WHAT IS REQUIRED – Repeat exactly, and only, the lines below starting at the line that contains "#57=ORIENTED_EDGE('',*,*,#56,.T.);" and ending at the line that contains "#69=LINE('',#68,#67);", inclusive of both.

Records from a data collection

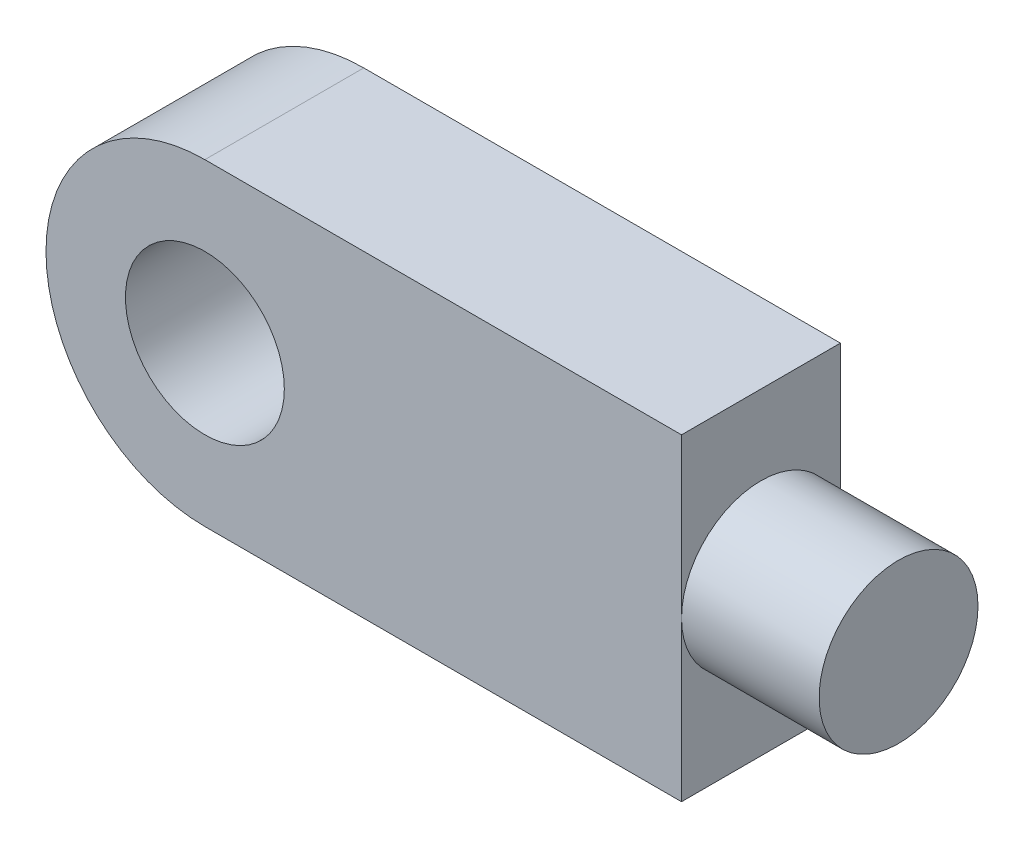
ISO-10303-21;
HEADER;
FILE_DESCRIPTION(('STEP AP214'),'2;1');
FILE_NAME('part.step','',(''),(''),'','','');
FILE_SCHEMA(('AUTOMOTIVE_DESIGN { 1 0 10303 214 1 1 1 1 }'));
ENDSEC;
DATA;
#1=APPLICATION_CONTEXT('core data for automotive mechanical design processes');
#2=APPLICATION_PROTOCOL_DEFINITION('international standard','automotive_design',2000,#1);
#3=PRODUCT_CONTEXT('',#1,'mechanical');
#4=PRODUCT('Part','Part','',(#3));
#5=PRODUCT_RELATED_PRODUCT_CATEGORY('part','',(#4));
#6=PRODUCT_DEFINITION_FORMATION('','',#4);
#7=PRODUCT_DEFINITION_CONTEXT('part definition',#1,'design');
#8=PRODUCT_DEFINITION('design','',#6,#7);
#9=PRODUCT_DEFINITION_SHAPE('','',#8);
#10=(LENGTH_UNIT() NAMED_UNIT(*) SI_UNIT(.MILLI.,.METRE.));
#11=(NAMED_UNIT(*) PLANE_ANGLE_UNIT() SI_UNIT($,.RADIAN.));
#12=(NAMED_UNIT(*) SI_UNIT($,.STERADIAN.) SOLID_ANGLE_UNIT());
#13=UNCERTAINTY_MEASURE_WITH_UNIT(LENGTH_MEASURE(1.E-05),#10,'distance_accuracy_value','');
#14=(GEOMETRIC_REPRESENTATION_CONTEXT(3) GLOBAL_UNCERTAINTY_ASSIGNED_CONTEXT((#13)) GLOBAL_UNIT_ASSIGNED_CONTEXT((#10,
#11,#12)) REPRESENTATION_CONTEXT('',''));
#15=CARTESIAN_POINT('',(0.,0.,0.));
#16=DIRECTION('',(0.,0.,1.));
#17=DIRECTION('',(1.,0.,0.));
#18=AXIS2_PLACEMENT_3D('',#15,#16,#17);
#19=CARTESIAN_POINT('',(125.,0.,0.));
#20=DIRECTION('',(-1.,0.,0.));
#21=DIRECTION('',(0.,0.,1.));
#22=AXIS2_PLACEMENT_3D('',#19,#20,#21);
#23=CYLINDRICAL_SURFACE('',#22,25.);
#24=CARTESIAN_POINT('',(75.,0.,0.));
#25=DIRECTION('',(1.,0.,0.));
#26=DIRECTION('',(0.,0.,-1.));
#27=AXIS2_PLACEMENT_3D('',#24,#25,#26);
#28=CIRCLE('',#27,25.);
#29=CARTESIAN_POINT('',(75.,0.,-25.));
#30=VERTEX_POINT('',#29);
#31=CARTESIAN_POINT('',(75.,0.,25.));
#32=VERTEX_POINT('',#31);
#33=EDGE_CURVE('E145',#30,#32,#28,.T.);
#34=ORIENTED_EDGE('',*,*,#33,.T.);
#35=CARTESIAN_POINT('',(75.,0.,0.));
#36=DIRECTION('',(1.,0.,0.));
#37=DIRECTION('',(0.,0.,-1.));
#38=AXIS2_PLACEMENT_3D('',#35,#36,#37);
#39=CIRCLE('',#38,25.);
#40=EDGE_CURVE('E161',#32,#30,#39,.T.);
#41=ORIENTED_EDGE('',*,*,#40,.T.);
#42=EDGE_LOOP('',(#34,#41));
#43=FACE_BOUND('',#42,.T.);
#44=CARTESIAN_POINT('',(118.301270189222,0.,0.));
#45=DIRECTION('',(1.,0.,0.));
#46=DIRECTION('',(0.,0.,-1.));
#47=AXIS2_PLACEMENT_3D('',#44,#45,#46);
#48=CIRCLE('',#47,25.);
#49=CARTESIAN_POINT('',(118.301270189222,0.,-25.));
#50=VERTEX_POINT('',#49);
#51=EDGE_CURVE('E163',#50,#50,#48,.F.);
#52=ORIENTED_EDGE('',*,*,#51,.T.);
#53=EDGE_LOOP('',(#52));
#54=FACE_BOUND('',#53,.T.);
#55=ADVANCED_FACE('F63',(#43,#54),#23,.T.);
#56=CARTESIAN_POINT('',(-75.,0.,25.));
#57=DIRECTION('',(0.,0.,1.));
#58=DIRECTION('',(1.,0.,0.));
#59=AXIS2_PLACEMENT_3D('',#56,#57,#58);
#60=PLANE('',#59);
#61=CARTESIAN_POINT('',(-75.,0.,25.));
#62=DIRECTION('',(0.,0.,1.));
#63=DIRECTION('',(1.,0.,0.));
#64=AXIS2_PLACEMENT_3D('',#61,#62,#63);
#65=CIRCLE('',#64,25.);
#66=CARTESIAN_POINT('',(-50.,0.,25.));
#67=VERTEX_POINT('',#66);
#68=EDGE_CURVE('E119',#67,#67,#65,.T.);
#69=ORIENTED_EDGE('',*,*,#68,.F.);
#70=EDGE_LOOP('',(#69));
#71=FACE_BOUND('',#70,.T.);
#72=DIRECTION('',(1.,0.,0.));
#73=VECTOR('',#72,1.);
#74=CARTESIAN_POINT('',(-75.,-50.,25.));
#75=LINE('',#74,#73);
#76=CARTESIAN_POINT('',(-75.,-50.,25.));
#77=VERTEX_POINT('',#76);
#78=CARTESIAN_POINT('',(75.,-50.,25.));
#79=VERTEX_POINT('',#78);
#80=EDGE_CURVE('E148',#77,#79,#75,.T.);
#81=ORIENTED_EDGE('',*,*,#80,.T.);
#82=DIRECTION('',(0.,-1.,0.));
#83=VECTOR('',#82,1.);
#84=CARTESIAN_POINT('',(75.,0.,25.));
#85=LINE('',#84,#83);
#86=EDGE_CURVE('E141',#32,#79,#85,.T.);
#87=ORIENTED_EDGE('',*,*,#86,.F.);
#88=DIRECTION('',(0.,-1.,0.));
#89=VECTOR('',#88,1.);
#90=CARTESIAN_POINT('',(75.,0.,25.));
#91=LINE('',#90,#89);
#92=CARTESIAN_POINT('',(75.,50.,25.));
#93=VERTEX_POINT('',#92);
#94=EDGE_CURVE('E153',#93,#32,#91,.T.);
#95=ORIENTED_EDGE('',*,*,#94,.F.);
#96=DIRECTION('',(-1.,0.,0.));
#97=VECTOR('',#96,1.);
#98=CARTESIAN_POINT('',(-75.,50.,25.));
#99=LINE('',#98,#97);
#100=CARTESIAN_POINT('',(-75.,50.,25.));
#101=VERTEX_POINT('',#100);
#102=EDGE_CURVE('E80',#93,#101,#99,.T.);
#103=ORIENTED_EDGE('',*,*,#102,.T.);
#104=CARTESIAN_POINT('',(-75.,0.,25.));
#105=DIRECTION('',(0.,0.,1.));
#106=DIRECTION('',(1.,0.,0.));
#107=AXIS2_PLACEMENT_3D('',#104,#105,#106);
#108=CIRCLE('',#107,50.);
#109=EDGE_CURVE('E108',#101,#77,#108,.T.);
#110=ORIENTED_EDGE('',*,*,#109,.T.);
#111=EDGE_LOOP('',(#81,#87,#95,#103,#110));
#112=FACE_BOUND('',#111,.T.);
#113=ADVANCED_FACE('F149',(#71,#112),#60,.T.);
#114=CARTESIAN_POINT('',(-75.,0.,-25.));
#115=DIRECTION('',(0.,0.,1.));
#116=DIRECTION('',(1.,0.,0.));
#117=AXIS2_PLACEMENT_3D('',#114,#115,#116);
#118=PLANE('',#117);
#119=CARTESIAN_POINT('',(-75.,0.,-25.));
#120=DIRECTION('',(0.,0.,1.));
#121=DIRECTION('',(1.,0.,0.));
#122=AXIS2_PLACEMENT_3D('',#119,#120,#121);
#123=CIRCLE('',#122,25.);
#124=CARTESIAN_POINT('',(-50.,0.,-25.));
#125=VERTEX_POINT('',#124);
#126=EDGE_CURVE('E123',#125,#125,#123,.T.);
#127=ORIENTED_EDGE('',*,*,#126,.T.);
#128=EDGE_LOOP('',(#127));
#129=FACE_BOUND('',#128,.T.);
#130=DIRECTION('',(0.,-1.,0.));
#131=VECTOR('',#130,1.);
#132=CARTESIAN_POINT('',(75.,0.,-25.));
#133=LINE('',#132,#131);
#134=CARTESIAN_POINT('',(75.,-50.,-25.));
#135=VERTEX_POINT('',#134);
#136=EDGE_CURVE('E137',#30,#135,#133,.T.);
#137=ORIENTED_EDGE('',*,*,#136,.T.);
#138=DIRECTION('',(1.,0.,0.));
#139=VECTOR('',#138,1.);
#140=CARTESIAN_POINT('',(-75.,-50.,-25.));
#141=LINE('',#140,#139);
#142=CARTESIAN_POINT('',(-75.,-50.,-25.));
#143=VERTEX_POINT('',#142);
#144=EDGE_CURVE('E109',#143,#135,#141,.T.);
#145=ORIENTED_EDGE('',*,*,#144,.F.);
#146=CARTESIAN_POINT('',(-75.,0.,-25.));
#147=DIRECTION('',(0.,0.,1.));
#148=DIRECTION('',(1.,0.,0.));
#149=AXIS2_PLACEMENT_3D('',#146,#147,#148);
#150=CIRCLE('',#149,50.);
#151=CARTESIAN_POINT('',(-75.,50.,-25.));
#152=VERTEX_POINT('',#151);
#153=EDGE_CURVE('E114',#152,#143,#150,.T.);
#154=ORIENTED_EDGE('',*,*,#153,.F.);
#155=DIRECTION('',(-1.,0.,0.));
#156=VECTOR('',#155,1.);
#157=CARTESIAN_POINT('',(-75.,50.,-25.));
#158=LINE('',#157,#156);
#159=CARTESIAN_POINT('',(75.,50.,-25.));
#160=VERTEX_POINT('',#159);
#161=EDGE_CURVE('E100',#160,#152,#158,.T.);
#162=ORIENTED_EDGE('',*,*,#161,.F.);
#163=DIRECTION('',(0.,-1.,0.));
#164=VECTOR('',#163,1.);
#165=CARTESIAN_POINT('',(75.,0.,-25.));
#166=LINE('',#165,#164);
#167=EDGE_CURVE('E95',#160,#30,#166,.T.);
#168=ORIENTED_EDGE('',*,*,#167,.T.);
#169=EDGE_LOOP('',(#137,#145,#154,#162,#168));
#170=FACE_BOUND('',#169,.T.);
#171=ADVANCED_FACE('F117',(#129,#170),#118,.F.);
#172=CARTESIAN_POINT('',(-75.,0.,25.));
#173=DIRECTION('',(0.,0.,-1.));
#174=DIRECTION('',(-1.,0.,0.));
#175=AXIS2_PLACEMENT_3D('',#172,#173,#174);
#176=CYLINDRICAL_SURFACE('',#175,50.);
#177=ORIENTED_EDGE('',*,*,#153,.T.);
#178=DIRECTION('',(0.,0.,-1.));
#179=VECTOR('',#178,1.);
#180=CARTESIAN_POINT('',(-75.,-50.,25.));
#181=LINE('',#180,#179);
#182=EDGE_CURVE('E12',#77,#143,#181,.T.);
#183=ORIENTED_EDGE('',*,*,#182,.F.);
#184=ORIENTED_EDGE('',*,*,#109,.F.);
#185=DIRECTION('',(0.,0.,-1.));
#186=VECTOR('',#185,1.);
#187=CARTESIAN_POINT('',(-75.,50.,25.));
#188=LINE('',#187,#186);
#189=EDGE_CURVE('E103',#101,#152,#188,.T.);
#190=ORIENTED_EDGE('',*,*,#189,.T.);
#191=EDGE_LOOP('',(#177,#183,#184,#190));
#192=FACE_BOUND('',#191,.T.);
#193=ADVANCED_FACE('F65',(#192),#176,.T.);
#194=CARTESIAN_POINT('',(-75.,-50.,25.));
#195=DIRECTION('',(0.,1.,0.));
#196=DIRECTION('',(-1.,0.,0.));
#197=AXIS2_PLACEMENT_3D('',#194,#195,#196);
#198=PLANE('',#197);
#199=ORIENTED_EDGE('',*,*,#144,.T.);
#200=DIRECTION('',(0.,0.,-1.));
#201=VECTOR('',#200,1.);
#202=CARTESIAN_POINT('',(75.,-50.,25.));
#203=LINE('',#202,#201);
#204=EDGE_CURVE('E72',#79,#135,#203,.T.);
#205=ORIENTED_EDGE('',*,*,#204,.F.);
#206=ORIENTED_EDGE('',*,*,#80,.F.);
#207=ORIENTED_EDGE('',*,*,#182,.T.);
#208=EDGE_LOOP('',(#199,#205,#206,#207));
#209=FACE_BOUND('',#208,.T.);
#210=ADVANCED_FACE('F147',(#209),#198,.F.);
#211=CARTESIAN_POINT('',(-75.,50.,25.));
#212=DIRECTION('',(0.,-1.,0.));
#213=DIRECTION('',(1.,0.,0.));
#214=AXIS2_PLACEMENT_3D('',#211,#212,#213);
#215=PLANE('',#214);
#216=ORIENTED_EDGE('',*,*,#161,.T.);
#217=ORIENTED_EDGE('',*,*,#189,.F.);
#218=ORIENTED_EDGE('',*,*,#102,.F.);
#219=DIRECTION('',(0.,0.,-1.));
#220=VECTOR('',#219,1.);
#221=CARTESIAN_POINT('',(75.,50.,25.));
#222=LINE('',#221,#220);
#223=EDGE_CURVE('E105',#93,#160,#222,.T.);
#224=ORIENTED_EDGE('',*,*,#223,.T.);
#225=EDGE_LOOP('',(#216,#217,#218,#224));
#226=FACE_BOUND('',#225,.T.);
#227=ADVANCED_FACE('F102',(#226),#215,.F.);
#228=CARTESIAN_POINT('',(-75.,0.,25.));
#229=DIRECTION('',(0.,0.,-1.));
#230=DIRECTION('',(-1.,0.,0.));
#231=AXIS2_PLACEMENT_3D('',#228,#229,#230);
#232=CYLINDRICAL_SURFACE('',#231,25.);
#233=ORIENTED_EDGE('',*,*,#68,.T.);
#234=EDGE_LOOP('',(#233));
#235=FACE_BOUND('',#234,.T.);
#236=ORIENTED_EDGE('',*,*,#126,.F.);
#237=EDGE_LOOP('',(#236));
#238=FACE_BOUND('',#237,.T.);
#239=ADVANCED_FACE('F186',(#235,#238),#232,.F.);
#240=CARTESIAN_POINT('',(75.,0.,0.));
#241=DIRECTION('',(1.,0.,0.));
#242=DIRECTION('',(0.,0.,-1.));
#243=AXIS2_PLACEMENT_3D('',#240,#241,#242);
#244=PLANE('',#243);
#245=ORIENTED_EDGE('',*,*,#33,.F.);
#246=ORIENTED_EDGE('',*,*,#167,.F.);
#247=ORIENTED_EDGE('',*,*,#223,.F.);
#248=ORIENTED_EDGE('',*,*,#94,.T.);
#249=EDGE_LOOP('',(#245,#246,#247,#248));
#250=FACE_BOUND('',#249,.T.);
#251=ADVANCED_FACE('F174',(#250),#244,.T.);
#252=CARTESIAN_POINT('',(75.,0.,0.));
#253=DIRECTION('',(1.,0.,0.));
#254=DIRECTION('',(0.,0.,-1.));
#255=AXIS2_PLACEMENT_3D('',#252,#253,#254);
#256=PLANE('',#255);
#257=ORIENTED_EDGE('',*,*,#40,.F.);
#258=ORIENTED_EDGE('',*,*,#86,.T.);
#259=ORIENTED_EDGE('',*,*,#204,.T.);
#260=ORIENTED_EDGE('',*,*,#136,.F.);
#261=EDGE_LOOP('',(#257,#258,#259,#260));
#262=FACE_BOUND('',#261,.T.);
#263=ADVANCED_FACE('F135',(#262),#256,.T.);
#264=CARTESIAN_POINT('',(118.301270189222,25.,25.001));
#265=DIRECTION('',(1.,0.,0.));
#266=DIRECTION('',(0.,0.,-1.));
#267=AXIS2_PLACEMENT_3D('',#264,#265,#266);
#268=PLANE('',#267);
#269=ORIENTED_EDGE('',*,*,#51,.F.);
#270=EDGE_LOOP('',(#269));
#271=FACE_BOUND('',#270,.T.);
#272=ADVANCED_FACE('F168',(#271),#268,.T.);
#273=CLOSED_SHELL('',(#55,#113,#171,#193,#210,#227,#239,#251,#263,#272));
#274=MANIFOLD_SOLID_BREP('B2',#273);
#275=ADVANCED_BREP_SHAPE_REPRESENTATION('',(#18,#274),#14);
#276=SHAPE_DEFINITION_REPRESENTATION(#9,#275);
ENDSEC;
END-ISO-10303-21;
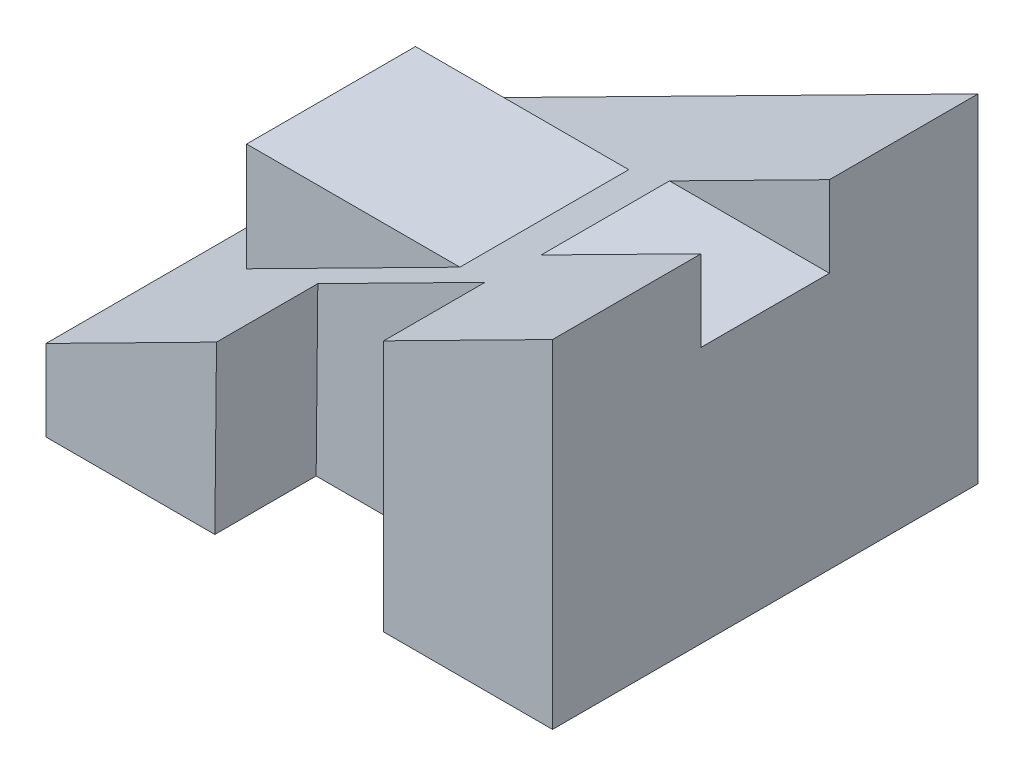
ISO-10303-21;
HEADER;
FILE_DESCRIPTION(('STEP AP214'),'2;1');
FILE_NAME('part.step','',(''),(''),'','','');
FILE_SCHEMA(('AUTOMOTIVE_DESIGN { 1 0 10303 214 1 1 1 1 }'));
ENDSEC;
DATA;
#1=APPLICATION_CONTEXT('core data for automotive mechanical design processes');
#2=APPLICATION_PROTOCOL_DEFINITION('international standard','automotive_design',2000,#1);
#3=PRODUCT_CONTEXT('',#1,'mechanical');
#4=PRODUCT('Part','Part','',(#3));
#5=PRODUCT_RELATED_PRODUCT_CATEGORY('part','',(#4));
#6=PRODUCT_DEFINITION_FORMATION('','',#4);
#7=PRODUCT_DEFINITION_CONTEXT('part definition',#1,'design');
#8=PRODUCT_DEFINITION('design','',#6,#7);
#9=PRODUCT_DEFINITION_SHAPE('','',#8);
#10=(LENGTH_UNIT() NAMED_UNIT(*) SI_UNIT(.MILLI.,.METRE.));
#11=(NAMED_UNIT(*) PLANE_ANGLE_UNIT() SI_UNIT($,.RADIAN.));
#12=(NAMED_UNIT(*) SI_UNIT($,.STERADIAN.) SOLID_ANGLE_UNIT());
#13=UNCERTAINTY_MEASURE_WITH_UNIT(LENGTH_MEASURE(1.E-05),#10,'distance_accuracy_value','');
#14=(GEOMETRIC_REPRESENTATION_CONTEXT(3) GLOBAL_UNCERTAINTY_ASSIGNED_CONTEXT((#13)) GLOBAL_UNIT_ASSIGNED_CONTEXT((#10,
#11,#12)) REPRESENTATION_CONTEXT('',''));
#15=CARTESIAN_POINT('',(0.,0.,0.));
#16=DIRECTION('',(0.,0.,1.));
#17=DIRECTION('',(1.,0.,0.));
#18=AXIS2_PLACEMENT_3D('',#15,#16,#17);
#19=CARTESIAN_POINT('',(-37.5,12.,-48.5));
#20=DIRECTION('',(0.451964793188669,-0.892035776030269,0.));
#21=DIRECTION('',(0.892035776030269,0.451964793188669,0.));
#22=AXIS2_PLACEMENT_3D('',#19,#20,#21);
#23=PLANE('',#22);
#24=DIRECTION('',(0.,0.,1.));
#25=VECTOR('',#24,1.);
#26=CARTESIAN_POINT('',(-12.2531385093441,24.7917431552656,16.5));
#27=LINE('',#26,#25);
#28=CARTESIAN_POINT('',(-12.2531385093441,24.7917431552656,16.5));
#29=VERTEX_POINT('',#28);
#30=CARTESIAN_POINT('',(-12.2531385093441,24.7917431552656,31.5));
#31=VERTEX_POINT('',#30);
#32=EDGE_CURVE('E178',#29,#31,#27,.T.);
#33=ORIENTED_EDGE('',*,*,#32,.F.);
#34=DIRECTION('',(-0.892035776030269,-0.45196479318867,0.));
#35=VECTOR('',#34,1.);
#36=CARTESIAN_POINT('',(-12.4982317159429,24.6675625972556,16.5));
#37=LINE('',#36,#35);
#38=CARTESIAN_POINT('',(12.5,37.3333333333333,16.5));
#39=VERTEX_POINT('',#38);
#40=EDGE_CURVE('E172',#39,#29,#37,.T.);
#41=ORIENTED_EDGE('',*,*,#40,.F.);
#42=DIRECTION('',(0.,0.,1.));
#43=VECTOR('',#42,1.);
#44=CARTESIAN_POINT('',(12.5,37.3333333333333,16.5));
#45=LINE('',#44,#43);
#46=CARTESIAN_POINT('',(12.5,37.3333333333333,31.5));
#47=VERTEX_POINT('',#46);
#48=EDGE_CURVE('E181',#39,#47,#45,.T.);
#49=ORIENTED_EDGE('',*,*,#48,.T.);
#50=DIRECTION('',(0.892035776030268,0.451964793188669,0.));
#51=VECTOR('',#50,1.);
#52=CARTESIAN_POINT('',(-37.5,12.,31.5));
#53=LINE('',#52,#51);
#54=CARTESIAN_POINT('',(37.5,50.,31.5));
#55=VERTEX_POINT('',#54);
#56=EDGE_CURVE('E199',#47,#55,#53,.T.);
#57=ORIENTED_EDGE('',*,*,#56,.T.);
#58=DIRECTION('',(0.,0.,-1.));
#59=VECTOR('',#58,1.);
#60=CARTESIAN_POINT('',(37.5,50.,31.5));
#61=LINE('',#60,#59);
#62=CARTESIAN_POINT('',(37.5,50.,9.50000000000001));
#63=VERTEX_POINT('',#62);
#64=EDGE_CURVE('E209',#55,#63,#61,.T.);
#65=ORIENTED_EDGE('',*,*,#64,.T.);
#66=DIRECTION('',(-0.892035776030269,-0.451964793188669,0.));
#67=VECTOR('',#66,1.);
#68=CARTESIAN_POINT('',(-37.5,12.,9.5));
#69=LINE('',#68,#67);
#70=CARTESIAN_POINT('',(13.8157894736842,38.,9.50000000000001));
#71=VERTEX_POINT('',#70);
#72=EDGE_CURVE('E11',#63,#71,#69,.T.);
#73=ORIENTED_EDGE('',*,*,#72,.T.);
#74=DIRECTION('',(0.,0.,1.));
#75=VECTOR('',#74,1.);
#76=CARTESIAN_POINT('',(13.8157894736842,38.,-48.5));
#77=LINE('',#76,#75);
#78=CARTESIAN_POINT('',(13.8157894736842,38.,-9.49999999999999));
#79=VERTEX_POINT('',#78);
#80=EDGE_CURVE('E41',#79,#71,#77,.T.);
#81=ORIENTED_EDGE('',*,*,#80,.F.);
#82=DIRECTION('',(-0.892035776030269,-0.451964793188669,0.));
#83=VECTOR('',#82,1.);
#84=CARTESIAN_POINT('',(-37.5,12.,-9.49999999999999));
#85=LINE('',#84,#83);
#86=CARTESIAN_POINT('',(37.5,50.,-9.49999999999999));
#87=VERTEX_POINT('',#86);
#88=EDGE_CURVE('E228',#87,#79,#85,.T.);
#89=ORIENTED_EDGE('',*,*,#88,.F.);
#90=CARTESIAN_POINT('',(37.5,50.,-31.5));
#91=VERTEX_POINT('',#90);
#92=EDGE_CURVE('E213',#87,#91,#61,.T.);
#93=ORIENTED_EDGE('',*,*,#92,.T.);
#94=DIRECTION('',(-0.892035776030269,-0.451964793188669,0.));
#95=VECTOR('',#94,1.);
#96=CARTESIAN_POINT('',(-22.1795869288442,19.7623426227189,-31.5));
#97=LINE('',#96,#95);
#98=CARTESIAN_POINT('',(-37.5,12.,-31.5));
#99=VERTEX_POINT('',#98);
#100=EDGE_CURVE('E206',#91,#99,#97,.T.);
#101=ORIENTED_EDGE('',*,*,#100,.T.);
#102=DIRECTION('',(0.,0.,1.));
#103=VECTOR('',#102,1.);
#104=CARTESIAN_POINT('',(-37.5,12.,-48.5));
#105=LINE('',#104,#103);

WRITTEN SOLUTION –
#57=ORIENTED_EDGE('',*,*,#56,.T.);
#58=DIRECTION('',(0.,0.,-1.));
#59=VECTOR('',#58,1.);
#60=CARTESIAN_POINT('',(37.5,50.,31.5));
#61=LINE('',#60,#59);
#62=CARTESIAN_POINT('',(37.5,50.,9.50000000000001));
#63=VERTEX_POINT('',#62);
#64=EDGE_CURVE('E209',#55,#63,#61,.T.);
#65=ORIENTED_EDGE('',*,*,#64,.T.);
#66=DIRECTION('',(-0.892035776030269,-0.451964793188669,0.));
#67=VECTOR('',#66,1.);
#68=CARTESIAN_POINT('',(-37.5,12.,9.5));
#69=LINE('',#68,#67);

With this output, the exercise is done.